Every line below needs to be transcribed without alteration, and no image may be carried over.

▬▬▬

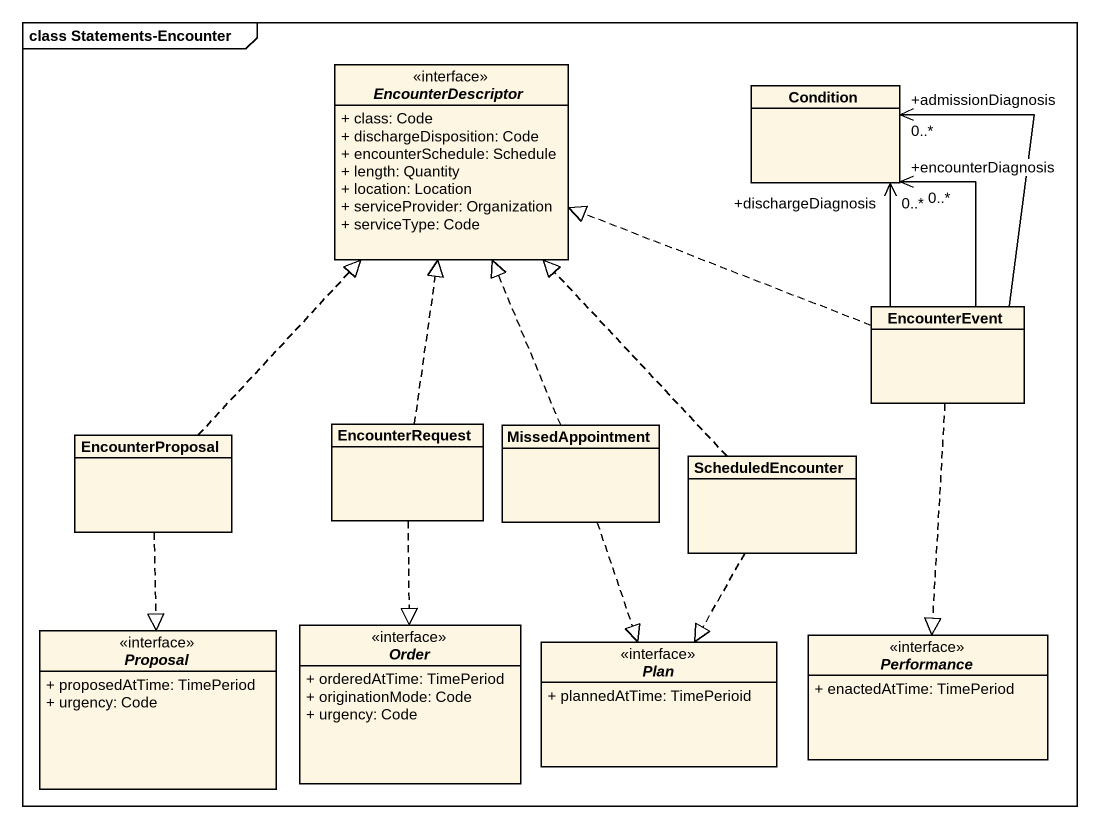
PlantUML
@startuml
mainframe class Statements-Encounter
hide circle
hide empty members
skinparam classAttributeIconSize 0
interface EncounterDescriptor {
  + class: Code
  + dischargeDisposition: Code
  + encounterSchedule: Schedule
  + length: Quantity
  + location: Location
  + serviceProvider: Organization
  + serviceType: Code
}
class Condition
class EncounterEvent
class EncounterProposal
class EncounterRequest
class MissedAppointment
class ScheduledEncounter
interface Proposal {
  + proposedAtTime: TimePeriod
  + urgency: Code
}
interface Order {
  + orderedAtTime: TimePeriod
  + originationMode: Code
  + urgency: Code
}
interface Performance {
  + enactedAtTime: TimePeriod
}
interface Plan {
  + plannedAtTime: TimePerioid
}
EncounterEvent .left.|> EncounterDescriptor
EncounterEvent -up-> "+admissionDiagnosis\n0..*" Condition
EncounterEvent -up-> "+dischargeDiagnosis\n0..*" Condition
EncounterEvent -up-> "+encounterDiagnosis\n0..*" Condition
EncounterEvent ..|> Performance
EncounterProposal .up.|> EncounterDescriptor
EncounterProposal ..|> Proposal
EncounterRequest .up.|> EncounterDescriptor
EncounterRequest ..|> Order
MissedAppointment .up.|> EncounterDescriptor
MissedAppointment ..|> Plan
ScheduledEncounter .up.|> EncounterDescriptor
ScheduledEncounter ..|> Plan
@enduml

▬▬▬

• **RESPONSE TO THE EXERCISE**
PlantUML
@startuml
mainframe class Statements-Encounter
hide circle
hide empty members
skinparam classAttributeIconSize 0
interface EncounterDescriptor {
  + class: Code
  + dischargeDisposition: Code
  + encounterSchedule: Schedule
  + length: Quantity
  + location: Location
  + serviceProvider: Organization
  + serviceType: Code
}
class Condition
class EncounterEvent
class EncounterProposal
class EncounterRequest
class MissedAppointment
class ScheduledEncounter
interface Proposal {
  + proposedAtTime: TimePeriod
  + urgency: Code
}
interface Order {
  + orderedAtTime: TimePeriod
  + originationMode: Code
  + urgency: Code
}
interface Performance {
  + enactedAtTime: TimePeriod
}
interface Plan {
  + plannedAtTime: TimePerioid
}
EncounterEvent .left.|> EncounterDescriptor
EncounterEvent -up-> "+admissionDiagnosis\n0..*" Condition
EncounterEvent -up-> "+dischargeDiagnosis\n0..*" Condition
EncounterEvent -up-> "+encounterDiagnosis\n0..*" Condition
EncounterEvent ..|> Performance
EncounterProposal .up.|> EncounterDescriptor
EncounterProposal ..|> Proposal
EncounterRequest .up.|> EncounterDescriptor
EncounterRequest ..|> Order
MissedAppointment .up.|> EncounterDescriptor
MissedAppointment ..|> Plan
ScheduledEncounter .up.|> EncounterDescriptor
ScheduledEncounter ..|> Plan
@enduml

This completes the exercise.